What you will do
From the data that follows, copy every line holding the string "lines".

------

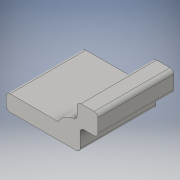
# Autodesk Inventor part: Igus Slider
Saved by Autodesk Inventor 2016 (Build 200138000, 138)
## iProperties
Created: 2016-02-14
Part Number: Igus Slider
Material: Generic
Document SubType Name: Modeling
Designer: Margret
Density: 1 g/cm^3
Appearance: Default
Author: Margret
Autodesk Inventor part; units mm, degrees
ref_plane "YZ Plane" through (0, 0, 0) normal (1, 0, 0) x (0, 1, 0)
ref_plane "XZ Plane" through (0, 0, 0) normal (0, 1, 0) x (-1, 0, 0)
ref_plane "XY Plane" through (0, 0, 0) normal (0, 0, 1) x (1, 0, 0)
sketch "Sketch1" plane through (0, 0, 0) normal (0, 0, 1) x (1, 0, 0)
  line L0 (0, 0) -> (24.765, 0)
  line L1 (24.765, 0) -> (24.765, 5.3594)
  line L2 (24.765, 5.3594) -> (0, 5.3594)
  line L3 (0, 5.3594) -> (0, 0)
  line L4 (23.7236, 7.3152) -> (30.734, 7.3152)
  line L5 (30.734, 7.3152) -> (30.734, 14.3256)
  line L6 (30.734, 14.3256) -> (23.7236, 14.3256)
  line L7 (23.7236, 14.3256) -> (23.7236, 7.3152)
  arc A0 (23.7236, 8.9916) -> (17.4244, 5.3594) centre (23.7236, 1.7133) ccw
  line L8 (24.765, 5.3594) -> (24.765, 7.3152)
  dimension "d0" = 24.765
  dimension "d1" = 5.3594
  dimension "d2" = 30.734
  dimension "d3" = 7.0104
  dimension "d4" = 14.3256
  dimension "d5" = 17.4244
  dimension "d6" = 5.334
  constraints: 18 end point, 4 parallel, 3 perpendicular, 3 point on line, 2 horizontal, 2 point on circle, 1 centre point, 1 vertical, 1 vertical alignment
  measures "d0" distance of L0.start L0.end
  measures "d1" distance of L2.end L0.start
  measures "d2" distance between parallel lines of L5 L3
  measures "d3" distance of L5.end L6.end
  measures "d4" distance between parallel lines of L6 L0
  measures "d5" distance of L2.end A0.end
  measures "d6" distance from line of A0.start L6
extrude "Extrusion1" add sketch "Sketch1" along normal blind 25.4
fillet "Fillet1" radius 1.27 1 edges at (30.734, 14.3256, 12.7)
fillet "Fillet2" radius 1.27 2 edges at (30.734, 7.3152, 12.7) (23.7236, 14.3256, 12.7)
fillet "Fillet3" radius 1.27 5 edges at (23.7236, 8.9916, 12.7) (24.765, 7.3152, 12.7) (24.765, 0, 12.7) (0, 0, 12.7) (0, 5.3594, 12.7)
body "Solid1"

------

Exercise output
  measures "d2" distance between parallel lines of L5 L3
  measures "d4" distance between parallel lines of L6 L0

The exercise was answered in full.